● **What you need to do**:
In how many lines of the listing does the word "name" appear? Reply with the number only.

+--

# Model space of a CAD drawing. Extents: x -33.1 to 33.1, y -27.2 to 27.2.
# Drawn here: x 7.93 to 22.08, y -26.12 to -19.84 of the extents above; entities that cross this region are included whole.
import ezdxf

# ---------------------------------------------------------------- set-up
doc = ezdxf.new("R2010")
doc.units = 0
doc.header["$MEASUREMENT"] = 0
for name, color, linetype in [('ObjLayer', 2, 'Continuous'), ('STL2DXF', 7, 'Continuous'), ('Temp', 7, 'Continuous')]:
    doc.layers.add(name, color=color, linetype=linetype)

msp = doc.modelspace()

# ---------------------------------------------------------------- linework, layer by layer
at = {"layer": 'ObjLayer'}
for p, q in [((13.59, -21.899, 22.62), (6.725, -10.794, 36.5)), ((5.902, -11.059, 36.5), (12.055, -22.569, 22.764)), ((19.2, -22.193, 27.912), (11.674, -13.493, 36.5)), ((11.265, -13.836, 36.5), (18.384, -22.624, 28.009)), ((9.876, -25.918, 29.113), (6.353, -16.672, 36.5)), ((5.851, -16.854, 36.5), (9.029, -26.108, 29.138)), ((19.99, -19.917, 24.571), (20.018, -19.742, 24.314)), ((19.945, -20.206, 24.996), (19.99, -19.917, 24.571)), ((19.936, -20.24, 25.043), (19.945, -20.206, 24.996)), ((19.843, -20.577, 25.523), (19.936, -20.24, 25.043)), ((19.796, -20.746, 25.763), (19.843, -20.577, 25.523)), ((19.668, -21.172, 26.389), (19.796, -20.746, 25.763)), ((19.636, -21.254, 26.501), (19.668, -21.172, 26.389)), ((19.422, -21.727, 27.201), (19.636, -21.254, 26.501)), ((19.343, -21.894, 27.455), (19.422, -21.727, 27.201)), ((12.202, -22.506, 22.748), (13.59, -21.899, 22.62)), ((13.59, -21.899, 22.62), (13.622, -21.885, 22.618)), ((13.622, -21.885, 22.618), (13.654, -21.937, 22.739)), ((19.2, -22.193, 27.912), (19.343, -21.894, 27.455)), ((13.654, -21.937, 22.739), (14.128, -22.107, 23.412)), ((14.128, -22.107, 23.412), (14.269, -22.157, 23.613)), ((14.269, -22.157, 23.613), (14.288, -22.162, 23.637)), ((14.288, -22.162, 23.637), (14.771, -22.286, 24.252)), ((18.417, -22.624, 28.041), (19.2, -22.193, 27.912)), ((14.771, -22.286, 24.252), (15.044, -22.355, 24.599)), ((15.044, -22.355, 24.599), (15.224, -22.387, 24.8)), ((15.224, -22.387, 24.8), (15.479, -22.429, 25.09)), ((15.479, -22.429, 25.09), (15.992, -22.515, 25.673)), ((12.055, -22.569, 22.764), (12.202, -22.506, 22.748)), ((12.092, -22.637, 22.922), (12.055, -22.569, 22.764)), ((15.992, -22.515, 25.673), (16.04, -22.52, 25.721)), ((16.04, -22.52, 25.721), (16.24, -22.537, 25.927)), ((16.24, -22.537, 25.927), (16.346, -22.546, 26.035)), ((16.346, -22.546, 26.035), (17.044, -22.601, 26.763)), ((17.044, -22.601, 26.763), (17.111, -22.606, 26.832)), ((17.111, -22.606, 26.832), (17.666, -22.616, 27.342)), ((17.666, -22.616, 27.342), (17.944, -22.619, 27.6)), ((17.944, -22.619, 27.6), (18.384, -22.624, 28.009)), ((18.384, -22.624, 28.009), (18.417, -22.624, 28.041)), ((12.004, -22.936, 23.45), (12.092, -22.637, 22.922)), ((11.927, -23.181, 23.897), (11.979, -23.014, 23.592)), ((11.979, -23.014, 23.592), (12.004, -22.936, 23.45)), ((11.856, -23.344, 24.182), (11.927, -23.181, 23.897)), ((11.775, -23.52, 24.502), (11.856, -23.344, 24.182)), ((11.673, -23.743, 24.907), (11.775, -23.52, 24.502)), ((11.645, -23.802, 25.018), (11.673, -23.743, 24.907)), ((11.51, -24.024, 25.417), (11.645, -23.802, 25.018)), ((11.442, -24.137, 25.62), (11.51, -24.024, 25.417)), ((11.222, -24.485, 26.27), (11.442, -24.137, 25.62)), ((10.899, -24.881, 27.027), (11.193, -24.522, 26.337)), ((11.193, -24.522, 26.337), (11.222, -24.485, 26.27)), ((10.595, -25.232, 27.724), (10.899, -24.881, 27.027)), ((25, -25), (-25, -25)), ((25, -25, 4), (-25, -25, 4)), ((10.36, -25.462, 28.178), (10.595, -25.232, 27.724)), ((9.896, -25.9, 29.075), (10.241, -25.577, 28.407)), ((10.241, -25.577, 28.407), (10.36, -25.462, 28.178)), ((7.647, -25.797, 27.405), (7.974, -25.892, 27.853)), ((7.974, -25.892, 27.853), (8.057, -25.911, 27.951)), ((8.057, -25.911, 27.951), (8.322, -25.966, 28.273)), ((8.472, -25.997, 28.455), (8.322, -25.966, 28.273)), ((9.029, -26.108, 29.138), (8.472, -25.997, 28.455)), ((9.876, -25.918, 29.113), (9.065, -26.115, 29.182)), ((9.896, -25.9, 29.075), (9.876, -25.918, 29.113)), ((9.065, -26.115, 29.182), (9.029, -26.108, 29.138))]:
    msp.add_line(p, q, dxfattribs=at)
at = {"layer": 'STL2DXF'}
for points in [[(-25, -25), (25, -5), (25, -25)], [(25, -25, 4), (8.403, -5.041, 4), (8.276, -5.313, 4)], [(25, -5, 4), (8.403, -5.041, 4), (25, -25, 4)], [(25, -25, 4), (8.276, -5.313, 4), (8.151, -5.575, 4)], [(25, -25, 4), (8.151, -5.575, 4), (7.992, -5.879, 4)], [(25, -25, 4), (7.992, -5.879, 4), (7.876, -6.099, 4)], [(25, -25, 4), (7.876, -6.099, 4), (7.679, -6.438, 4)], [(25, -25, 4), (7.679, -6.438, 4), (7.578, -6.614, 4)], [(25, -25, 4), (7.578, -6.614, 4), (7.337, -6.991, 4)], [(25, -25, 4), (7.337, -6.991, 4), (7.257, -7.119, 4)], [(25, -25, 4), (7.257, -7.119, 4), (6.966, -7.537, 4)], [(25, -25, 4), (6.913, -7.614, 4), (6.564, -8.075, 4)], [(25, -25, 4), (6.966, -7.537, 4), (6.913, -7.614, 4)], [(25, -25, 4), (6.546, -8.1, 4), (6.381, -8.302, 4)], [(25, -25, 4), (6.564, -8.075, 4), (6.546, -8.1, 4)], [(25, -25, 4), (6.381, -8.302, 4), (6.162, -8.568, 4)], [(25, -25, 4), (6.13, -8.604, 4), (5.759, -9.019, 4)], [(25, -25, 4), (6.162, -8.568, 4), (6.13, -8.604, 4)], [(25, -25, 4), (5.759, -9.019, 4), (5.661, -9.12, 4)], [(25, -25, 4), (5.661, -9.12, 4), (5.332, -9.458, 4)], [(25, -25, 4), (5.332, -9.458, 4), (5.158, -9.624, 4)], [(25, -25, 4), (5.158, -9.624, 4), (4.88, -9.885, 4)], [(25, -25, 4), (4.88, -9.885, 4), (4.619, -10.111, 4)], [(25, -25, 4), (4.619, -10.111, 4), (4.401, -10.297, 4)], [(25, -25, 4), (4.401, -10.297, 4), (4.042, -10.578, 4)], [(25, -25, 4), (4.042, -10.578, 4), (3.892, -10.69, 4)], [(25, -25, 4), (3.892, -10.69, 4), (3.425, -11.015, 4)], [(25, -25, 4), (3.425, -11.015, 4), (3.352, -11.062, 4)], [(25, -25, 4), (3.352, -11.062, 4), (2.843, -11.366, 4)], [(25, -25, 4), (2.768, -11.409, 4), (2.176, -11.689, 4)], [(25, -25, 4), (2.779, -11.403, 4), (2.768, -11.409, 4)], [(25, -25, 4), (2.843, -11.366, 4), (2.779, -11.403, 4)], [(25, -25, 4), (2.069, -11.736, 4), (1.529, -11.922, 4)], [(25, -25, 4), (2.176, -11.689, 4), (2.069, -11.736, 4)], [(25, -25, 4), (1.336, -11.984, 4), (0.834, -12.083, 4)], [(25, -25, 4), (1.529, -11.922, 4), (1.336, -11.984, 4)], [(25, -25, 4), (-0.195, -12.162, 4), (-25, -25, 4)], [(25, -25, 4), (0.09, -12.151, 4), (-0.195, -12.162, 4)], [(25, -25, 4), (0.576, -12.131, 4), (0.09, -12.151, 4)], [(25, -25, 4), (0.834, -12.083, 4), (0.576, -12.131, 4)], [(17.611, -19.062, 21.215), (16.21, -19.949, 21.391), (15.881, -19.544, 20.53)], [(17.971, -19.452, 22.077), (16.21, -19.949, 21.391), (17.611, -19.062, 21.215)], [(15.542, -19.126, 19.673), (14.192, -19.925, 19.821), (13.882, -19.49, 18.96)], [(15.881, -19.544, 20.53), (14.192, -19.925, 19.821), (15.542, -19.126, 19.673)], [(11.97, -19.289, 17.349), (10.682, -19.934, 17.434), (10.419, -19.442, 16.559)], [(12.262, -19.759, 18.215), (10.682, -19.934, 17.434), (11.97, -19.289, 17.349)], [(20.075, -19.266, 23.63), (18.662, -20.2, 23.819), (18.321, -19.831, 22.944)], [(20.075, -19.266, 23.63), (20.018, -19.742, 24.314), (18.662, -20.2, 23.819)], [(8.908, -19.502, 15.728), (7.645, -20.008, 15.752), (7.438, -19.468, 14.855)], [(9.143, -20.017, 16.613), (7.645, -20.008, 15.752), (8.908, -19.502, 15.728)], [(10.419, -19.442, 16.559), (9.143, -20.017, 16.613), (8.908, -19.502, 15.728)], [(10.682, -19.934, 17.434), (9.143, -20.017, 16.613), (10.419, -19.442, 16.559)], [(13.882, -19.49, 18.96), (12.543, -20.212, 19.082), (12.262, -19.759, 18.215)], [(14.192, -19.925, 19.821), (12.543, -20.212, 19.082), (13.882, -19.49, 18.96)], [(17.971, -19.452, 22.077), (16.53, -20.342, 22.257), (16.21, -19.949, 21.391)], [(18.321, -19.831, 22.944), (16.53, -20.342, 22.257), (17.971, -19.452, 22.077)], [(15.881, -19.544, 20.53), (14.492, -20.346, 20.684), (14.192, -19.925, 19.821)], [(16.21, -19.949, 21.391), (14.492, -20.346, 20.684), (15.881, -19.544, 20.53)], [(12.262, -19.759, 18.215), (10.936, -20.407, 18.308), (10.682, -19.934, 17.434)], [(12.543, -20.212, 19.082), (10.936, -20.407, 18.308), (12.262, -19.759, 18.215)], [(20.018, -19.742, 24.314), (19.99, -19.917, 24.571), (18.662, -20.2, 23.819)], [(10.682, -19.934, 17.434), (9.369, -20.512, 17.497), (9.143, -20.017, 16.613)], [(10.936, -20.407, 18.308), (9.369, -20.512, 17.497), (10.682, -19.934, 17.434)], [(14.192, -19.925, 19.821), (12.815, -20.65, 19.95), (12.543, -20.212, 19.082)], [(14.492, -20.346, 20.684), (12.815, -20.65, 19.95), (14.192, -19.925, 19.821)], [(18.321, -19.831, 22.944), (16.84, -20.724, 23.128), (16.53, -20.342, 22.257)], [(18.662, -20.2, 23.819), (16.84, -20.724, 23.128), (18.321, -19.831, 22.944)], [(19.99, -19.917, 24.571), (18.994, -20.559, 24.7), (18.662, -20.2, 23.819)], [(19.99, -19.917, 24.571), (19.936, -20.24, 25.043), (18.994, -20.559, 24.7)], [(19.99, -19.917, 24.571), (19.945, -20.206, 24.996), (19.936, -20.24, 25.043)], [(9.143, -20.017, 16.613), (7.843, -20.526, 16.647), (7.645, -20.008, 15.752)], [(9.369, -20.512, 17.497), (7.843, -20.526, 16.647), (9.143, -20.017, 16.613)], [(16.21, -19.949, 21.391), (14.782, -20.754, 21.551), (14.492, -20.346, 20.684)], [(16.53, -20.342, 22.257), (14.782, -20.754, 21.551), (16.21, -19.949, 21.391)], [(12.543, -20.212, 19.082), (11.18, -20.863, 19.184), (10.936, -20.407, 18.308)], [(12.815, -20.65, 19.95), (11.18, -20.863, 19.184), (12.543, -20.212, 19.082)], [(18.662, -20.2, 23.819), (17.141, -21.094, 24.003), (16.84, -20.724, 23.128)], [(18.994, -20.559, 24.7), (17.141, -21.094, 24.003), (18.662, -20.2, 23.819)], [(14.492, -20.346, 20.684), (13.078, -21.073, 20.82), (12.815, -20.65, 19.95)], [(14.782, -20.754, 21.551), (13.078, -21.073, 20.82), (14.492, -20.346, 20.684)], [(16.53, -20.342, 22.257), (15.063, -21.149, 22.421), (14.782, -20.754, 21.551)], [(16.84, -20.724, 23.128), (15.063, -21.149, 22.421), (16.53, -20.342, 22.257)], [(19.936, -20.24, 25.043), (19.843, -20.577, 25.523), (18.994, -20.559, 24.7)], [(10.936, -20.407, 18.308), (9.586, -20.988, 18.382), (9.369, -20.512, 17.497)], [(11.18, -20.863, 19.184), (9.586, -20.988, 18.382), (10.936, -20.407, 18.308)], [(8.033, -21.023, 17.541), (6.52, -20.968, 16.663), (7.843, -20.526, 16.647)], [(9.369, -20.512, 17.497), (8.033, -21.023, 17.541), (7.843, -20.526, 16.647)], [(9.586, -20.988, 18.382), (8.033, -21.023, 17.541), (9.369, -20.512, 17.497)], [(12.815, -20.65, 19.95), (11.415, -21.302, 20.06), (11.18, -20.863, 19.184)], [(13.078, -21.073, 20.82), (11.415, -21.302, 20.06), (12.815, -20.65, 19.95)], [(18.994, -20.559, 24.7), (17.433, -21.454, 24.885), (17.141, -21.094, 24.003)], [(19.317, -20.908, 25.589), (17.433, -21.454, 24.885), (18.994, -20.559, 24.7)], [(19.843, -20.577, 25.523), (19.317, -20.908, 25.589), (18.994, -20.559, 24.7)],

+--

● **Final answer**:
2